Et puis elle en parla presque toute la nuit, ne dormant que quelques heures.
Élisa fut réveillée par le bruissement des ailes des cygnes qui planaient au-dessus d'elle. Ses frères étaient de nouveau transformés en cygnes, et ils volaient en cercles de plus en plus larges, jusqu'à ce qu'ils soient loin ; mais l'un d'eux, le plus jeune cygne, resta en arrière et posa sa tête sur les genoux de sa sœur, tandis qu'elle caressait ses ailes ; et ils restèrent ensemble toute la journée.

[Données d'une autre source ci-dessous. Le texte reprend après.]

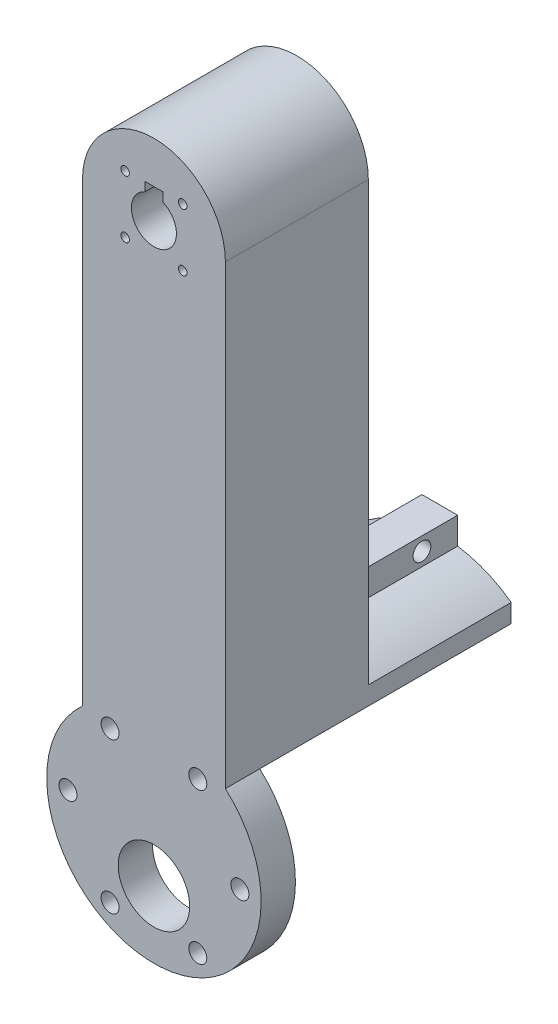
ISO-10303-21;
HEADER;
FILE_DESCRIPTION(('STEP AP214'),'2;1');
FILE_NAME('part.step','',(''),(''),'','','');
FILE_SCHEMA(('AUTOMOTIVE_DESIGN { 1 0 10303 214 1 1 1 1 }'));
ENDSEC;
DATA;
#1=APPLICATION_CONTEXT('core data for automotive mechanical design processes');
#2=APPLICATION_PROTOCOL_DEFINITION('international standard','automotive_design',2000,#1);
#3=PRODUCT_CONTEXT('',#1,'mechanical');
#4=PRODUCT('Part','Part','',(#3));
#5=PRODUCT_RELATED_PRODUCT_CATEGORY('part','',(#4));
#6=PRODUCT_DEFINITION_FORMATION('','',#4);
#7=PRODUCT_DEFINITION_CONTEXT('part definition',#1,'design');
#8=PRODUCT_DEFINITION('design','',#6,#7);
#9=PRODUCT_DEFINITION_SHAPE('','',#8);
#10=(LENGTH_UNIT() NAMED_UNIT(*) SI_UNIT(.MILLI.,.METRE.));
#11=(NAMED_UNIT(*) PLANE_ANGLE_UNIT() SI_UNIT($,.RADIAN.));
#12=(NAMED_UNIT(*) SI_UNIT($,.STERADIAN.) SOLID_ANGLE_UNIT());
#13=UNCERTAINTY_MEASURE_WITH_UNIT(LENGTH_MEASURE(1.E-05),#10,'distance_accuracy_value','');
#14=(GEOMETRIC_REPRESENTATION_CONTEXT(3) GLOBAL_UNCERTAINTY_ASSIGNED_CONTEXT((#13)) GLOBAL_UNIT_ASSIGNED_CONTEXT((#10,
#11,#12)) REPRESENTATION_CONTEXT('',''));
#15=CARTESIAN_POINT('',(0.,0.,0.));
#16=DIRECTION('',(0.,0.,1.));
#17=DIRECTION('',(1.,0.,0.));
#18=AXIS2_PLACEMENT_3D('',#15,#16,#17);
#19=CARTESIAN_POINT('',(0.,-50.8,0.));
#20=DIRECTION('',(0.,0.,-1.));
#21=DIRECTION('',(-1.,0.,0.));
#22=AXIS2_PLACEMENT_3D('',#19,#20,#21);
#23=PLANE('',#22);
#24=DIRECTION('',(0.,-1.,0.));
#25=VECTOR('',#24,1.);
#26=CARTESIAN_POINT('',(1.58749999999998,56.0589906713759,0.));
#27=LINE('',#26,#25);
#28=CARTESIAN_POINT('',(1.58749999999998,56.0589906713759,0.));
#29=VERTEX_POINT('',#28);
#30=CARTESIAN_POINT('',(1.5875,54.4714906713759,0.));
#31=VERTEX_POINT('',#30);
#32=EDGE_CURVE('E199',#29,#31,#27,.T.);
#33=ORIENTED_EDGE('',*,*,#32,.F.);
#34=DIRECTION('',(1.,0.,0.));
#35=VECTOR('',#34,1.);
#36=CARTESIAN_POINT('',(1.58749999999998,56.0589906713759,0.));
#37=LINE('',#36,#35);
#38=CARTESIAN_POINT('',(-1.58750000000002,56.0589906713759,0.));
#39=VERTEX_POINT('',#38);
#40=EDGE_CURVE('E204',#39,#29,#37,.T.);
#41=ORIENTED_EDGE('',*,*,#40,.F.);
#42=DIRECTION('',(0.,1.,0.));
#43=VECTOR('',#42,1.);
#44=CARTESIAN_POINT('',(-1.58750000000002,56.0589906713759,0.));
#45=LINE('',#44,#43);
#46=CARTESIAN_POINT('',(-1.58750000000002,54.4714906713759,0.));
#47=VERTEX_POINT('',#46);
#48=EDGE_CURVE('E212',#47,#39,#45,.T.);
#49=ORIENTED_EDGE('',*,*,#48,.F.);
#50=CARTESIAN_POINT('',(0.,50.8,0.));
#51=DIRECTION('',(0.,0.,1.));
#52=DIRECTION('',(1.,0.,0.));
#53=AXIS2_PLACEMENT_3D('',#50,#51,#52);
#54=CIRCLE('',#53,4.);
#55=EDGE_CURVE('E275',#47,#31,#54,.T.);
#56=ORIENTED_EDGE('',*,*,#55,.T.);
#57=EDGE_LOOP('',(#33,#41,#49,#56));
#58=FACE_BOUND('',#57,.T.);
#59=CARTESIAN_POINT('',(5.11874598900941,45.6812540109906,0.));
#60=DIRECTION('',(0.,0.,1.));
#61=DIRECTION('',(1.,0.,0.));
#62=AXIS2_PLACEMENT_3D('',#59,#60,#61);
#63=CIRCLE('',#62,0.761999999999999);
#64=CARTESIAN_POINT('',(5.88074598900941,45.6812540109906,0.));
#65=VERTEX_POINT('',#64);
#66=EDGE_CURVE('E257',#65,#65,#63,.T.);
#67=ORIENTED_EDGE('',*,*,#66,.T.);
#68=EDGE_LOOP('',(#67));
#69=FACE_BOUND('',#68,.T.);
#70=CARTESIAN_POINT('',(-5.11874598900943,55.9187459890095,0.));
#71=DIRECTION('',(0.,0.,1.));
#72=DIRECTION('',(1.,0.,0.));
#73=AXIS2_PLACEMENT_3D('',#70,#71,#72);
#74=CIRCLE('',#73,0.761999999999999);
#75=CARTESIAN_POINT('',(-4.35674598900943,55.9187459890095,0.));
#76=VERTEX_POINT('',#75);
#77=EDGE_CURVE('E269',#76,#76,#74,.T.);
#78=ORIENTED_EDGE('',*,*,#77,.T.);
#79=EDGE_LOOP('',(#78));
#80=FACE_BOUND('',#79,.T.);
#81=CARTESIAN_POINT('',(5.11874598900941,55.9187459890095,0.));
#82=DIRECTION('',(0.,0.,1.));
#83=DIRECTION('',(1.,0.,0.));
#84=AXIS2_PLACEMENT_3D('',#81,#82,#83);
#85=CIRCLE('',#84,0.761999999999999);
#86=CARTESIAN_POINT('',(5.88074598900941,55.9187459890095,0.));
#87=VERTEX_POINT('',#86);
#88=EDGE_CURVE('E263',#87,#87,#85,.T.);
#89=ORIENTED_EDGE('',*,*,#88,.T.);
#90=EDGE_LOOP('',(#89));
#91=FACE_BOUND('',#90,.T.);
#92=CARTESIAN_POINT('',(-5.11874598900942,45.6812540109906,0.));
#93=DIRECTION('',(0.,0.,1.));
#94=DIRECTION('',(1.,0.,0.));
#95=AXIS2_PLACEMENT_3D('',#92,#93,#94);
#96=CIRCLE('',#95,0.761999999999999);
#97=CARTESIAN_POINT('',(-4.35674598900942,45.6812540109906,0.));
#98=VERTEX_POINT('',#97);
#99=EDGE_CURVE('E253',#98,#98,#96,.T.);
#100=ORIENTED_EDGE('',*,*,#99,.T.);
#101=EDGE_LOOP('',(#100));
#102=FACE_BOUND('',#101,.T.);
#103=DIRECTION('',(1.,0.,0.));
#104=VECTOR('',#103,1.);
#105=CARTESIAN_POINT('',(3.175,-18.3322319145837,0.));
#106=LINE('',#105,#104);
#107=CARTESIAN_POINT('',(-3.175,-18.3322319145837,0.));
#108=VERTEX_POINT('',#107);
#109=CARTESIAN_POINT('',(3.175,-18.3322319145837,0.));
#110=VERTEX_POINT('',#109);
#111=EDGE_CURVE('E341',#108,#110,#106,.T.);
#112=ORIENTED_EDGE('',*,*,#111,.F.);
#113=DIRECTION('',(0.,1.,0.));
#114=VECTOR('',#113,1.);
#115=CARTESIAN_POINT('',(-3.175,-18.3322319145837,0.));
#116=LINE('',#115,#114);
#117=CARTESIAN_POINT('',(-3.175,-23.0947319145837,0.));
#118=VERTEX_POINT('',#117);
#119=EDGE_CURVE('E148',#118,#108,#116,.T.);
#120=ORIENTED_EDGE('',*,*,#119,.F.);
#121=CARTESIAN_POINT('',(0.,-44.45,0.));
#122=DIRECTION('',(0.,0.,-1.));
#123=DIRECTION('',(1.,0.,0.));
#124=AXIS2_PLACEMENT_3D('',#121,#122,#123);
#125=CIRCLE('',#124,21.59);
#126=CARTESIAN_POINT('',(-12.7,-26.9903866022182,0.));
#127=VERTEX_POINT('',#126);
#128=EDGE_CURVE('E56',#127,#118,#125,.T.);
#129=ORIENTED_EDGE('',*,*,#128,.F.);
#130=DIRECTION('',(0.,-1.,0.));
#131=VECTOR('',#130,1.);
#132=CARTESIAN_POINT('',(-12.7,50.8,0.));
#133=LINE('',#132,#131);
#134=CARTESIAN_POINT('',(-12.7,50.8,0.));
#135=VERTEX_POINT('',#134);
#136=EDGE_CURVE('E286',#135,#127,#133,.T.);
#137=ORIENTED_EDGE('',*,*,#136,.F.);
#138=CARTESIAN_POINT('',(0.,50.8,0.));
#139=DIRECTION('',(0.,0.,1.));
#140=DIRECTION('',(-1.,0.,0.));
#141=AXIS2_PLACEMENT_3D('',#138,#139,#140);
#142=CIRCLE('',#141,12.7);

Vers le soir, les autres revinrent, et quand le soleil se coucha, ils reprirent leurs formes naturelles.
« Demain, » dit l'un d'eux, « nous nous envolerons, pour ne revenir qu'après une année entière. Mais nous ne pouvons pas te laisser ici. As-tu le courage de venir avec nous ? Mon bras est assez fort pour te porter à travers le bois ; et toutes nos ailes ne seront-elles pas assez fortes pour voler avec toi par-dessus la mer ? »
« Oui, emmenez-moi avec vous, » dit Élisa.
Alors ils passèrent toute la nuit à tisser un filet avec du saule souple et des joncs. Il était très grand et solide. Élisa s'allongea sur le filet, et quand le soleil se leva et que ses frères redevinrent des cygnes sauvages, ils prirent le filet avec leurs becs et s'envolèrent vers les nuages avec leur chère sœur, qui dormait encore. Les rayons du soleil tombaient sur son visage, c'est pourquoi l'un des cygnes plana au-dessus de sa tête, afin que ses larges ailes puissent lui faire de l'ombre.
Ils étaient loin de la terre quand Élisa se réveilla. Elle pensait qu'elle devait encore rêver, tant il lui semblait étrange de se sentir portée si haut dans les airs au-dessus de la mer. À côté d'elle se trouvaient une branche pleine de belles baies mûres et un paquet de racines sucrées ; le plus jeune de ses frères les avait cueillies pour elle et placées à ses côtés. Elle lui sourit en guise de remerciement ; elle savait que c'était le même qui avait plané au-dessus d'elle pour lui faire de l'ombre avec ses ailes.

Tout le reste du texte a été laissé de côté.